One-year experience of very low doses of subcutaneous erythropoietin in continuous ambulatory peritoneal dialysis and its effect on haemostasis

Recombinant human erythropoietin (rHuEpo) is now well established in the management of the anaemia associated with chronic renal failure. The aim of this study was to assess the efficacy and safety of low doses of subcutaneous (s.c.) erythropoietin in continuous ambulatory peritoneal dialysis (CAPD) patients and particularly its effects on haemostasis. Seven CAPD patients were given s.c. erythropoietin for more than 1 year. Their mean age was 36.2 ± 9.2 years and their mean pretreatment haemoglobin (Hb) was 7.05 ± 0.53 g/dl. All patients were started on 20 U/kg, 3 times/week, to be doubled every 4 weeks if no response was obtained.
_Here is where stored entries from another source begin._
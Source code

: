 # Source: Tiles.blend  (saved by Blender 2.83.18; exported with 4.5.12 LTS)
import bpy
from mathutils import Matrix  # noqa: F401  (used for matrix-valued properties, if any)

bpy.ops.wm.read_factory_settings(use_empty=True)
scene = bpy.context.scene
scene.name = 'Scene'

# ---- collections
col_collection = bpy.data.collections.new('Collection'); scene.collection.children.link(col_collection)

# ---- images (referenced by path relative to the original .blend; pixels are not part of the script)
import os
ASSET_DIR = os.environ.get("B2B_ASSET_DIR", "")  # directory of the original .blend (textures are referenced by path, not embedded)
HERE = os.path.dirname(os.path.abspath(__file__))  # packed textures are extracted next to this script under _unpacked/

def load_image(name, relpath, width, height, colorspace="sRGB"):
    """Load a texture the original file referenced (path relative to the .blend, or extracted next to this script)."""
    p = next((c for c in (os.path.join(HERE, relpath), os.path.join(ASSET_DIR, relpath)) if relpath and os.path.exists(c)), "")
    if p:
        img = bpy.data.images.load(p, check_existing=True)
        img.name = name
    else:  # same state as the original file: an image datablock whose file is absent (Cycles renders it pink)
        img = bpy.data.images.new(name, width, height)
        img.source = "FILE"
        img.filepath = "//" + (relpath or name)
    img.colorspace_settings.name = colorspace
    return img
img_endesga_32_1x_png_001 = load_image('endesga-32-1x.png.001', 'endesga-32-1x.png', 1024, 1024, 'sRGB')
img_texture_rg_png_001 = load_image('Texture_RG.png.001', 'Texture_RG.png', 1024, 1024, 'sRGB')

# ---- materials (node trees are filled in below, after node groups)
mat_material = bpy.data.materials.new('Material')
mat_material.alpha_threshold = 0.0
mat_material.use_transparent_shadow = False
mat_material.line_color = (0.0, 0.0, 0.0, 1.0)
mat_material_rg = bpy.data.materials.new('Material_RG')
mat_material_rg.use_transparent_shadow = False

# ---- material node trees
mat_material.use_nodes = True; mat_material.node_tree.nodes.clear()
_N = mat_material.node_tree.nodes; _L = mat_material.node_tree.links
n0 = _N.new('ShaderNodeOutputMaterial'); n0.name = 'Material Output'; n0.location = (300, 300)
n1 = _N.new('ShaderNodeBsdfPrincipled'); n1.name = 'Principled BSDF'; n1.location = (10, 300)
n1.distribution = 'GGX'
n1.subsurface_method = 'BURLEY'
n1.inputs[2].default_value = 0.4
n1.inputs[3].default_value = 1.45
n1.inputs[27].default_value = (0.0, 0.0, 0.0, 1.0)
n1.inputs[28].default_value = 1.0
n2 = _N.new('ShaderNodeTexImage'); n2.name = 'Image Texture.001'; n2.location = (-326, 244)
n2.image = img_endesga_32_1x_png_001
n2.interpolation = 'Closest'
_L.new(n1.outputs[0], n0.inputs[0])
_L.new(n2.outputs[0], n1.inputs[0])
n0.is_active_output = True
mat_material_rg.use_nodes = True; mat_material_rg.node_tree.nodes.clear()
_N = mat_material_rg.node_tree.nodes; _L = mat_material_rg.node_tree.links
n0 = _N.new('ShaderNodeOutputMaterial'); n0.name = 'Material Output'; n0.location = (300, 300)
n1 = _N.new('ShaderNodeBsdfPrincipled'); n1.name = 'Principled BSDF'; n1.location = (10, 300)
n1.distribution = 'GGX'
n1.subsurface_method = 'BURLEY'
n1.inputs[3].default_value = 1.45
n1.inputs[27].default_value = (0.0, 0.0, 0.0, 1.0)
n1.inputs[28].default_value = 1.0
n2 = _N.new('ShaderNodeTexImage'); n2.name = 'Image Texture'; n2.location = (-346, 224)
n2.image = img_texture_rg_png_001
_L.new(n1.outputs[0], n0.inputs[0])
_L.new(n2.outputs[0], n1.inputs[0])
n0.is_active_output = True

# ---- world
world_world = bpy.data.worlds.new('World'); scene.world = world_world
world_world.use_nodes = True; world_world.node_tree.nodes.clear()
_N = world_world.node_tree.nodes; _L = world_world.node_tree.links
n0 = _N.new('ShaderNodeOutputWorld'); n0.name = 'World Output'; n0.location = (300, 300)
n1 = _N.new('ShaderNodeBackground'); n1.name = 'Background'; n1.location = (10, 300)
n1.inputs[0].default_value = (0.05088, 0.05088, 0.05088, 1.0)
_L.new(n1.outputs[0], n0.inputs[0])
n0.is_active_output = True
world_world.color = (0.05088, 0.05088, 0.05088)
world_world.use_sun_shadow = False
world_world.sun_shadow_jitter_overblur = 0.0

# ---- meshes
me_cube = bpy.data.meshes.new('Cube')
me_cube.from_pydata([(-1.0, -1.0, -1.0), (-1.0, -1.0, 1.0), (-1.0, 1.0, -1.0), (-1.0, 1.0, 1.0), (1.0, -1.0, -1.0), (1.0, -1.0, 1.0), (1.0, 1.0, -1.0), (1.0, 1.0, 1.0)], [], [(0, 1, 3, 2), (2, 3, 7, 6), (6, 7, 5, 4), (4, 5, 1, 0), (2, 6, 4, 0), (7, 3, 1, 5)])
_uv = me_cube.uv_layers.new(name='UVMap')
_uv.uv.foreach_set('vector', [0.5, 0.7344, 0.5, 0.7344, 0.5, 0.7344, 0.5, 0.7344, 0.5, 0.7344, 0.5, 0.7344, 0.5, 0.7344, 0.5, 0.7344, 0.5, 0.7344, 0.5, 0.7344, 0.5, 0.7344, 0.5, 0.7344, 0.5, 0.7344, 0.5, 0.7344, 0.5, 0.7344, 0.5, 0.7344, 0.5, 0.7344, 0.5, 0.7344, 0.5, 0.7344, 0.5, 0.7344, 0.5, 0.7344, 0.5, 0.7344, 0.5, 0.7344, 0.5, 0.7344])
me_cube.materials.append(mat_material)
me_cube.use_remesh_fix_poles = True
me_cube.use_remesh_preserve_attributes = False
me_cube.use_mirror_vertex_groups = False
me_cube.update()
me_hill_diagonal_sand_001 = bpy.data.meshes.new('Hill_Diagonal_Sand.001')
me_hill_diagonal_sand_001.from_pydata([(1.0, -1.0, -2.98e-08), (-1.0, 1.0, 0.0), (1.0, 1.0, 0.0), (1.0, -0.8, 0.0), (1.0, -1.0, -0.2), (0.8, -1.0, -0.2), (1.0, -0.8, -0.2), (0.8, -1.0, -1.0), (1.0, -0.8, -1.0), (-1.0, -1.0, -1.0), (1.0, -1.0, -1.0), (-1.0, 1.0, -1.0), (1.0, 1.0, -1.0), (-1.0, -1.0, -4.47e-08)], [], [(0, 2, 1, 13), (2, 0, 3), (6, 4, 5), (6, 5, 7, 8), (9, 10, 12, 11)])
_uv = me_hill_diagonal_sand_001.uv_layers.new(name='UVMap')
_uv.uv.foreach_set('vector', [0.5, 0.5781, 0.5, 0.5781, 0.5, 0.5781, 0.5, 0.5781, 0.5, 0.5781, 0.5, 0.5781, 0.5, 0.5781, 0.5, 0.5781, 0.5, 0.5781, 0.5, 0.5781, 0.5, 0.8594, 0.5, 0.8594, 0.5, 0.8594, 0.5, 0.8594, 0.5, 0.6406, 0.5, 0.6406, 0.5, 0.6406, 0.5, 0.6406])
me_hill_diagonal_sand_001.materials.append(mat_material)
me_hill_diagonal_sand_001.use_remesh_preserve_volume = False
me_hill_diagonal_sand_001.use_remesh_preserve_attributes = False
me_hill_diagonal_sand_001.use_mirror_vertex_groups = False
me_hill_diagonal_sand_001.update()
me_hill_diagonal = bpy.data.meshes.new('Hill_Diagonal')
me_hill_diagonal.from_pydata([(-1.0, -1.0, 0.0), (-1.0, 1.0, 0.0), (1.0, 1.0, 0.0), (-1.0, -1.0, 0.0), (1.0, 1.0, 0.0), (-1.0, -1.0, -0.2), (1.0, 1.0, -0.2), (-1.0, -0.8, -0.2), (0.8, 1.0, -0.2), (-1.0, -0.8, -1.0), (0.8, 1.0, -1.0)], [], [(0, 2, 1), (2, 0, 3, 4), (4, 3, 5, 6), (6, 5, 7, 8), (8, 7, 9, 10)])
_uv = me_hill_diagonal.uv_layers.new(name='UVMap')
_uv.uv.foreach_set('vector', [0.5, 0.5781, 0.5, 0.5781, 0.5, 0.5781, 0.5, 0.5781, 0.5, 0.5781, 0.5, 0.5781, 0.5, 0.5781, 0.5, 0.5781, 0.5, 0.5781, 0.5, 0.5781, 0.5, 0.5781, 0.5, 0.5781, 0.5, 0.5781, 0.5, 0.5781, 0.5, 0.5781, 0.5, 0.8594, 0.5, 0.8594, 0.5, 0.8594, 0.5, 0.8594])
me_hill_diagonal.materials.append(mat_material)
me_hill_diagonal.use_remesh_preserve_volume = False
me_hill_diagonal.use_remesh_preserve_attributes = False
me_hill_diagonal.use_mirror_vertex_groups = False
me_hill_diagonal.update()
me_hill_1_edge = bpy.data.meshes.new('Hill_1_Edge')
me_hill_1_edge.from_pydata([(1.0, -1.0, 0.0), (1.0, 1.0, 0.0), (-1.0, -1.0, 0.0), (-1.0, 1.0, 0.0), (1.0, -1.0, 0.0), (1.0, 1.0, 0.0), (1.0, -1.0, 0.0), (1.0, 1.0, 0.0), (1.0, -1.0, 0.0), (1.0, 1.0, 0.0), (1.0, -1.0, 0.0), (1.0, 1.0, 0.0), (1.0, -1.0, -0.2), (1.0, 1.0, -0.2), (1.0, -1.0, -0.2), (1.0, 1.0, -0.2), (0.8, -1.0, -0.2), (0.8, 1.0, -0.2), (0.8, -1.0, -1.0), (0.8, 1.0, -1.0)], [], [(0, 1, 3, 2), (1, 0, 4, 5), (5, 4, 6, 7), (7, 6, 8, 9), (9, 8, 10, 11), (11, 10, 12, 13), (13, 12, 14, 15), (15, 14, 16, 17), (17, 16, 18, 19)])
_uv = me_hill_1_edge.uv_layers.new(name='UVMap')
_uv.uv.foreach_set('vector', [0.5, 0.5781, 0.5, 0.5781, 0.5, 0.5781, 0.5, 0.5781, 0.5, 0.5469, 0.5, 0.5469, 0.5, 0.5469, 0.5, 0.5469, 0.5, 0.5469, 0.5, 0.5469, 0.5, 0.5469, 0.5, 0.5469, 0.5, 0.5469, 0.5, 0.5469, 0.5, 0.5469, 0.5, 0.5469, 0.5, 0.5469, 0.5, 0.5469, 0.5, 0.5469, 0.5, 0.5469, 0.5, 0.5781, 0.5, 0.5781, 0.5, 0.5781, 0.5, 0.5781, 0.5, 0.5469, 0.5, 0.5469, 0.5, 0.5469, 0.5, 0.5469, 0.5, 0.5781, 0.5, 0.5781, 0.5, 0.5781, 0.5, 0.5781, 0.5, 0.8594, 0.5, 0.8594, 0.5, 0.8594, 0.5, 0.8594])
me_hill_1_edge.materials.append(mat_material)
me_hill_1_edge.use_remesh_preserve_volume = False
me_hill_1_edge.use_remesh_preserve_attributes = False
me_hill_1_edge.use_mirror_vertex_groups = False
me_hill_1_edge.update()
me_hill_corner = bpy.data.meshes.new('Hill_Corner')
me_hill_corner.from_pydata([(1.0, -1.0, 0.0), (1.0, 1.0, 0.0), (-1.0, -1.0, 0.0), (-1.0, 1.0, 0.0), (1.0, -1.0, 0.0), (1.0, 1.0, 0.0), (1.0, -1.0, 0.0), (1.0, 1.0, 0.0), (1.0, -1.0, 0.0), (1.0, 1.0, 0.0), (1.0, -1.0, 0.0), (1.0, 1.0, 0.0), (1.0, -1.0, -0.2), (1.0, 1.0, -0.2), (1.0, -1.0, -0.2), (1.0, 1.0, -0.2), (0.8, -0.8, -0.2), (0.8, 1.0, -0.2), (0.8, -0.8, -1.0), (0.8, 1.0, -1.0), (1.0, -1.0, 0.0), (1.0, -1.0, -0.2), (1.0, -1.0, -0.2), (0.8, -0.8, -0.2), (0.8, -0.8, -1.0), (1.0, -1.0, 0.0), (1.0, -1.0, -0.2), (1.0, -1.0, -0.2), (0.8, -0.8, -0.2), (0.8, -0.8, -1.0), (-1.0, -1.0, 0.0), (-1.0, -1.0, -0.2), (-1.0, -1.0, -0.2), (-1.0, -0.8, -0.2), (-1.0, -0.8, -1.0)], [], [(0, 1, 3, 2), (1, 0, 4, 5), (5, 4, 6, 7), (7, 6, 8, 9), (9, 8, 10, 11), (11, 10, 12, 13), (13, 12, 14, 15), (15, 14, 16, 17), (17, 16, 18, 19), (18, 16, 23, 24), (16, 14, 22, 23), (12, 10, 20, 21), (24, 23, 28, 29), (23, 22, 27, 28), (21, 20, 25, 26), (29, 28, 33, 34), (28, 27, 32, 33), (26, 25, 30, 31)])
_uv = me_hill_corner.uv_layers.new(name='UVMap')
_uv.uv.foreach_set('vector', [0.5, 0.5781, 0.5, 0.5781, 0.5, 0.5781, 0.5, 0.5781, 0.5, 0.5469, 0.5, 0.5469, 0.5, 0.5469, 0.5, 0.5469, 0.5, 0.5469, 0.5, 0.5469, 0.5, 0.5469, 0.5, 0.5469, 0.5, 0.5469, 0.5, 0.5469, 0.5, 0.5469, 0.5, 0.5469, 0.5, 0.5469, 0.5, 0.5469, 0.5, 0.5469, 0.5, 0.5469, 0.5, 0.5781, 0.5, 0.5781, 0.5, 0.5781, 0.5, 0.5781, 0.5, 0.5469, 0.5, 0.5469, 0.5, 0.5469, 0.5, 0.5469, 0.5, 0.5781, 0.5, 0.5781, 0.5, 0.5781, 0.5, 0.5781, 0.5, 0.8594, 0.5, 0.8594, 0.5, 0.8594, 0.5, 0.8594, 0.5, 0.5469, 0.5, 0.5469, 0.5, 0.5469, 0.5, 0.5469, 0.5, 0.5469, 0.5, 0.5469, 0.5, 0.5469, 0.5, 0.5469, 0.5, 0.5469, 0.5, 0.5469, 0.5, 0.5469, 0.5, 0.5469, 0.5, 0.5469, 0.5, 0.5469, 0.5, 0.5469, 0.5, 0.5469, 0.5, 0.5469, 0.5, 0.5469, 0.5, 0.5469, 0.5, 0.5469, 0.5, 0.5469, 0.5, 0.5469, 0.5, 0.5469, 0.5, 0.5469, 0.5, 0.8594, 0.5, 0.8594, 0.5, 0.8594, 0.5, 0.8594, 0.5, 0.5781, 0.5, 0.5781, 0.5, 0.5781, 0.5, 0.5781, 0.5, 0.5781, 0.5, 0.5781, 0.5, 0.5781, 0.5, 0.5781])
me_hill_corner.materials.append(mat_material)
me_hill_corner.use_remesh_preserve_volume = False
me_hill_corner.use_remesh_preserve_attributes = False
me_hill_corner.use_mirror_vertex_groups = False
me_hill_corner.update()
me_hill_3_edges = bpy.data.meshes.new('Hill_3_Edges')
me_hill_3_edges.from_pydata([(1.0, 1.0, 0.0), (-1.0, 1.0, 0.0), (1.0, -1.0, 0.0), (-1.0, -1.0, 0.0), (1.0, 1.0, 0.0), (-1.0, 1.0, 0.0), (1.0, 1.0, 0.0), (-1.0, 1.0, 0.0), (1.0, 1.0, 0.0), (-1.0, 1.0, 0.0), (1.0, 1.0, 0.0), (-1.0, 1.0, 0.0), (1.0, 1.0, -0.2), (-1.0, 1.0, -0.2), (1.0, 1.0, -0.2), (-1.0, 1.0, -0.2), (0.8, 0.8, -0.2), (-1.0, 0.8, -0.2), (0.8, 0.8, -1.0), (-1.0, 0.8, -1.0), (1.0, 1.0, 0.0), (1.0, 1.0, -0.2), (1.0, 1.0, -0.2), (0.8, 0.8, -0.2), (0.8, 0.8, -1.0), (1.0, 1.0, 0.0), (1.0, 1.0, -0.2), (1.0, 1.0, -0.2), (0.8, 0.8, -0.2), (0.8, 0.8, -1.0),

Five patients had a good response and attained the target Hb of 10-12 g/dl and were maintained on low doses of rHuEpo (20 U/kg s.c, twice a week). A marked improvement in haemostatic function was noted when comparing the pre- with the post-treatment measurements. There was a significant reduction in the bleeding time, significant increases in fibrinogen and factor VIII clotting activity but not in von Willebrand factor antigen or risto-cetin cofactor. There was also simultaneous enhancement of the platelet aggregation responses to adrenalin, collagen, arachidonic acid and ADP. In conclusion, long-term treatment with small doses of s.c. rHuEpo is safe, convenient and effective in correcting anaemia in patients on CAPD, rHuEpo caused significant improvement of bleeding time which can be explained partly through the correction of anaemia and in part by the improvement in haemostatic function.